Figure 2d shows the transfer curves of the device taken at temperatures varying from 290 to 320 K after pyroelectric correction (Supplementary Note 6). From the quasi-linear regime of the I_d–V_g curves, we extract the field effect mobility \(\mu _{{{{\mathrm{FE}}}}} = \frac{1}{{C_{{{{\mathrm{PZT}}}}}}}\frac{{{\rm{d}}G}}{{{\rm{d}}V_{{{\mathrm{g}}}}}}\), where \(C_{{{{\mathrm{PZT}}}}}\) is the areal capacitance for 300 nm PZT, \(G = LI_{{{\mathrm{d}}}}/V_{{{\mathrm{d}}}}\) is the 2D conductivity of the channel, and L is the channel length. At 300 K, \(\mu _{{{{\mathrm{FE}}}}} = 7.8\;{{{\mathrm{cm}}}}^2{{{\mathrm{V}}}}^{ - 1}{{{\mathrm{s}}}}^{ - 1}\), comparable with previously reported values for MoS₂ FETs interfaced with ferroelectrics^25,27,28. In this temperature range, \(\mu _{{{{\mathrm{FE}}}}}\) decreases with increasing temperature, following a power law T-dependence of \(\sim T^{ - 1.9}\) (Fig. 2e), which can be attributed to phonon scattering²². The exponent \(\alpha = 1.9\) is between the theoretically predicted values of for single-layer MoS₂ (\(\alpha = 1.52\))³³ and bulk MoS₂ crystals (\(\alpha = 2.6\))³⁴.

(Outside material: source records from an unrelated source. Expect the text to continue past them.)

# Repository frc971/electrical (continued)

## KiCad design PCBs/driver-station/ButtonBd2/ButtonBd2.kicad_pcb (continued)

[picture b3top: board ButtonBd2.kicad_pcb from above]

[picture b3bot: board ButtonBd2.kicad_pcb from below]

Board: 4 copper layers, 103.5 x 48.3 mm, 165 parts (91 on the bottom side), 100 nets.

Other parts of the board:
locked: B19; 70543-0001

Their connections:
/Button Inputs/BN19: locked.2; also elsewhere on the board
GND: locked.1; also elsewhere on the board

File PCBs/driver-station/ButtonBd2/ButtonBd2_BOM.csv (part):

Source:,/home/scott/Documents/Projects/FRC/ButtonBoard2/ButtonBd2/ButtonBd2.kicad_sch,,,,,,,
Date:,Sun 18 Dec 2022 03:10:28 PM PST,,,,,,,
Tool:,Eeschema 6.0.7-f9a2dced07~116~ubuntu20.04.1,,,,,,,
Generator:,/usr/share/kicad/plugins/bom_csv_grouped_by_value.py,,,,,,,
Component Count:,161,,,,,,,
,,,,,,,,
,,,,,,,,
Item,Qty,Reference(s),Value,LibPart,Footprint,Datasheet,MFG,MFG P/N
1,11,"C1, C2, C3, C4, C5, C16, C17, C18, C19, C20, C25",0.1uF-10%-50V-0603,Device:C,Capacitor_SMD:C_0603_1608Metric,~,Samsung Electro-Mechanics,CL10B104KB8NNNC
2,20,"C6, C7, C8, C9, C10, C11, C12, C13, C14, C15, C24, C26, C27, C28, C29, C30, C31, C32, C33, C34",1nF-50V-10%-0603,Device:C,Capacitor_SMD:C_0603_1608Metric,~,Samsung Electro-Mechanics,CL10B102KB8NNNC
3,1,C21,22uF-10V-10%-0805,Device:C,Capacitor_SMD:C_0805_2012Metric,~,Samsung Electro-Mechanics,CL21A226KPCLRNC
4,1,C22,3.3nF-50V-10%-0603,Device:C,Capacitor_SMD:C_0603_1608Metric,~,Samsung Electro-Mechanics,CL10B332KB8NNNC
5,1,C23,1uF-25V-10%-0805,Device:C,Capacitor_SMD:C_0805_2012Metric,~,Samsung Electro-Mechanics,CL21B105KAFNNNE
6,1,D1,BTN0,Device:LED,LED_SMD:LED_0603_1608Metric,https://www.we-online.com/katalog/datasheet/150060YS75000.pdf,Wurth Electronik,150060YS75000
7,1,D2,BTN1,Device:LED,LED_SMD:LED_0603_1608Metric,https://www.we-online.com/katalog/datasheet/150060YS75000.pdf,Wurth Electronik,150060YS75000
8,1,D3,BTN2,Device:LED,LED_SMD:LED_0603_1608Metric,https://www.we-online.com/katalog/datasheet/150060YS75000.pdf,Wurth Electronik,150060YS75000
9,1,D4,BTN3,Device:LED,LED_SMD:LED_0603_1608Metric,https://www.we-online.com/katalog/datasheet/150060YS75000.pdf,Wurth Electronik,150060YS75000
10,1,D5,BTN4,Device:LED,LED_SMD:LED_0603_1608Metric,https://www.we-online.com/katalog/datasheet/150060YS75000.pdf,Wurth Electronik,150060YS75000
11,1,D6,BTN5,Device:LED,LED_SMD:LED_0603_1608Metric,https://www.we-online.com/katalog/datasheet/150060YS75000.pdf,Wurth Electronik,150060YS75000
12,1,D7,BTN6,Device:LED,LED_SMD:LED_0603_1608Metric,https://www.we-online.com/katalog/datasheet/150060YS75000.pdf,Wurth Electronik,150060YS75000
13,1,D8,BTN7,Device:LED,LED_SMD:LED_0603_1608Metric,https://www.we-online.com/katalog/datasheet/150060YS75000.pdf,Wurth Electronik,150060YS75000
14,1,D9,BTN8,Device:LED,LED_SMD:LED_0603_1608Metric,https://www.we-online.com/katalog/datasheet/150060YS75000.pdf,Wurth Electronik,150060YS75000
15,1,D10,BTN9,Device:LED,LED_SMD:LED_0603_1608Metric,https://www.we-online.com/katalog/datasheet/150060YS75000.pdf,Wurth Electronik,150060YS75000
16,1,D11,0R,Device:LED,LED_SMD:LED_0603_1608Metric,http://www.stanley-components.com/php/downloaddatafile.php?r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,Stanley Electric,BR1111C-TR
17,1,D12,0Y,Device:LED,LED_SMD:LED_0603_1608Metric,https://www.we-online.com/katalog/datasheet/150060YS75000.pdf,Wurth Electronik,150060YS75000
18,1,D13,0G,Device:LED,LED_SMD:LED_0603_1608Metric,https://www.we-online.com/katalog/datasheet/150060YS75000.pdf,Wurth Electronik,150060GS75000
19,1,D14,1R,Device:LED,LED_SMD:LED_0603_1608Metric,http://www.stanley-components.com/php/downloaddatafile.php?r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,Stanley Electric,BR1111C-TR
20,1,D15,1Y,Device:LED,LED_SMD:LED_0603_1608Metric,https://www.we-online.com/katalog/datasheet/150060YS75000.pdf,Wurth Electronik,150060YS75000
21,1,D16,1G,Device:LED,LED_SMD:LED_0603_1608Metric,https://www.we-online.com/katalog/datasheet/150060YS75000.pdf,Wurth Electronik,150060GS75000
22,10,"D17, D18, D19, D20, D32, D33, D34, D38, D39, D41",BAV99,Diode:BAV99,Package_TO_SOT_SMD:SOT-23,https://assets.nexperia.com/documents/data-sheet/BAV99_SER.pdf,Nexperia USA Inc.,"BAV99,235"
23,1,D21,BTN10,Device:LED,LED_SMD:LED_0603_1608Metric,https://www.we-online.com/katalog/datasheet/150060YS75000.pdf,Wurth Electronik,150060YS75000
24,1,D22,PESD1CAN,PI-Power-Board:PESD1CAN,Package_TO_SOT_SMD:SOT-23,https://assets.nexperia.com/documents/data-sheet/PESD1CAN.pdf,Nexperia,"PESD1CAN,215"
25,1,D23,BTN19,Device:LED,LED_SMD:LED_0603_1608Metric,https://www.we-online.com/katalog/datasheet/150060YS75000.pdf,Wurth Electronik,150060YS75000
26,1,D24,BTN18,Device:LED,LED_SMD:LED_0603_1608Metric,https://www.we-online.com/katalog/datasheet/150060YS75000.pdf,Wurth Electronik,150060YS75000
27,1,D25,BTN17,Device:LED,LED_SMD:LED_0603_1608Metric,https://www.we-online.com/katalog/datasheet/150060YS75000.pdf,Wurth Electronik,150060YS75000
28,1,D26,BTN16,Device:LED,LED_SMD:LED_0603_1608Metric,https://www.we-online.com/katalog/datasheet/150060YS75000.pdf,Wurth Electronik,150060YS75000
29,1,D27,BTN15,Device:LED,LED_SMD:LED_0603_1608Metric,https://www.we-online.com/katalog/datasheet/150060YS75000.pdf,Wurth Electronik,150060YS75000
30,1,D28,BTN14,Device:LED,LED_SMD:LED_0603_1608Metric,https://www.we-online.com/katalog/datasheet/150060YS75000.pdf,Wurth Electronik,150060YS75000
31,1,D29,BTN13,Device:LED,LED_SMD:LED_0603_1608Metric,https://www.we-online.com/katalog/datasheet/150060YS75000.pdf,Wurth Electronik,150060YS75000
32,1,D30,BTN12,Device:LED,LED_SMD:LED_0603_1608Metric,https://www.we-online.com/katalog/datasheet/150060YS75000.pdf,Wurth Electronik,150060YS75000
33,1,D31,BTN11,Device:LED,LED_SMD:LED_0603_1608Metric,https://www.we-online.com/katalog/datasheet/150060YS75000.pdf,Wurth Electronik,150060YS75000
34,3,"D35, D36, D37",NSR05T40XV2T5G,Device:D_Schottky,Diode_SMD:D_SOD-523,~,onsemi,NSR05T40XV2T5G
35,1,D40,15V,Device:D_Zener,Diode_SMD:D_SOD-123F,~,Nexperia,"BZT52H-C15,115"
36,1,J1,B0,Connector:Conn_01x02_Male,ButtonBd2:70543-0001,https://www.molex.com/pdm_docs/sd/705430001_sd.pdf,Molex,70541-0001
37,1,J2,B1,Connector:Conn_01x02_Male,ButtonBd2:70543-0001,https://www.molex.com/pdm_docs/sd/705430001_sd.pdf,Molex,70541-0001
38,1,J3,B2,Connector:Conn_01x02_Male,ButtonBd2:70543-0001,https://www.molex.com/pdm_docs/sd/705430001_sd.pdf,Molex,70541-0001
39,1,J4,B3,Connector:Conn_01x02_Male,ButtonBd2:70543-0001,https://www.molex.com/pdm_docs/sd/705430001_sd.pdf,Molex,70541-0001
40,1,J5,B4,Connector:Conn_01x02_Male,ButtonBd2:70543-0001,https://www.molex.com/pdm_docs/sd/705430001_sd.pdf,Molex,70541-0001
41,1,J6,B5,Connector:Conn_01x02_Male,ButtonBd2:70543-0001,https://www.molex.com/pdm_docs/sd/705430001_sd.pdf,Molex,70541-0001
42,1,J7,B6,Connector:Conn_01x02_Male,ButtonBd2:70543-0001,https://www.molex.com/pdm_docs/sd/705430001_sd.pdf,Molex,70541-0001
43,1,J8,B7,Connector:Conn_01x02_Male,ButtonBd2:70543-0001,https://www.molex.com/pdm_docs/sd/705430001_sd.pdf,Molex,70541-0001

Figure 2f, g show the point-by-point SS of the MoS₂ FET calculated from the inverse slope of the transfer curves (\(\partial V_{{{\mathrm{g}}}}/\partial \log \left( {I_{{{\mathrm{d}}}}} \right)\)) in Fig. 2c (“Methods” and Supplementary Note 7). For the forward \(V_{{{\mathrm{g}}}}\)-sweep, we have achieved a minimum subthreshold swing of SS_min ≈ 37 mV dec⁻¹ as the device starts to turn on at \(I_{{{\mathrm{d}}}} \approx 2.5 \times 10^{ - 14}\) A µm⁻¹. The point-by-point SS remains below 60 mV dec⁻¹ for over three decades of channel current, getting close to the thermal limit as I_d exceeds \(10^{ - 11}\) A µm⁻¹, while a substantial increase in SS occurs for I_d > 10⁻¹⁰ A µm⁻¹. The average subthreshold swing in this current range (10⁻¹³–10⁻¹⁰ A µm⁻¹) is \({{{\mathrm{SS}}}}_{{{{\mathrm{avg}}}}} \approx 57 \pm 1\) mV dec⁻¹. In the reverse scan (Fig. 2g), SS is close to and fluctuating around 60 mV dec⁻¹ in the channel current range of 10⁻¹¹–10⁻¹⁰ A µm⁻¹, with \({{{\mathrm{SS}}}}_{{{{\mathrm{avg}}}}} \approx 60 \pm 1\) mV dec⁻¹. Once \(I_{{{\mathrm{d}}}}\) exceeds \(10^{ - 12}\) A µm⁻¹, the transfer curve of the device is essentially free of hysteresis between the forward and reverse \(V_{{{\mathrm{g}}}}\)-sweeps, agreeing well with the dielectric measureme of the PZT gate (Fig. 1h inset).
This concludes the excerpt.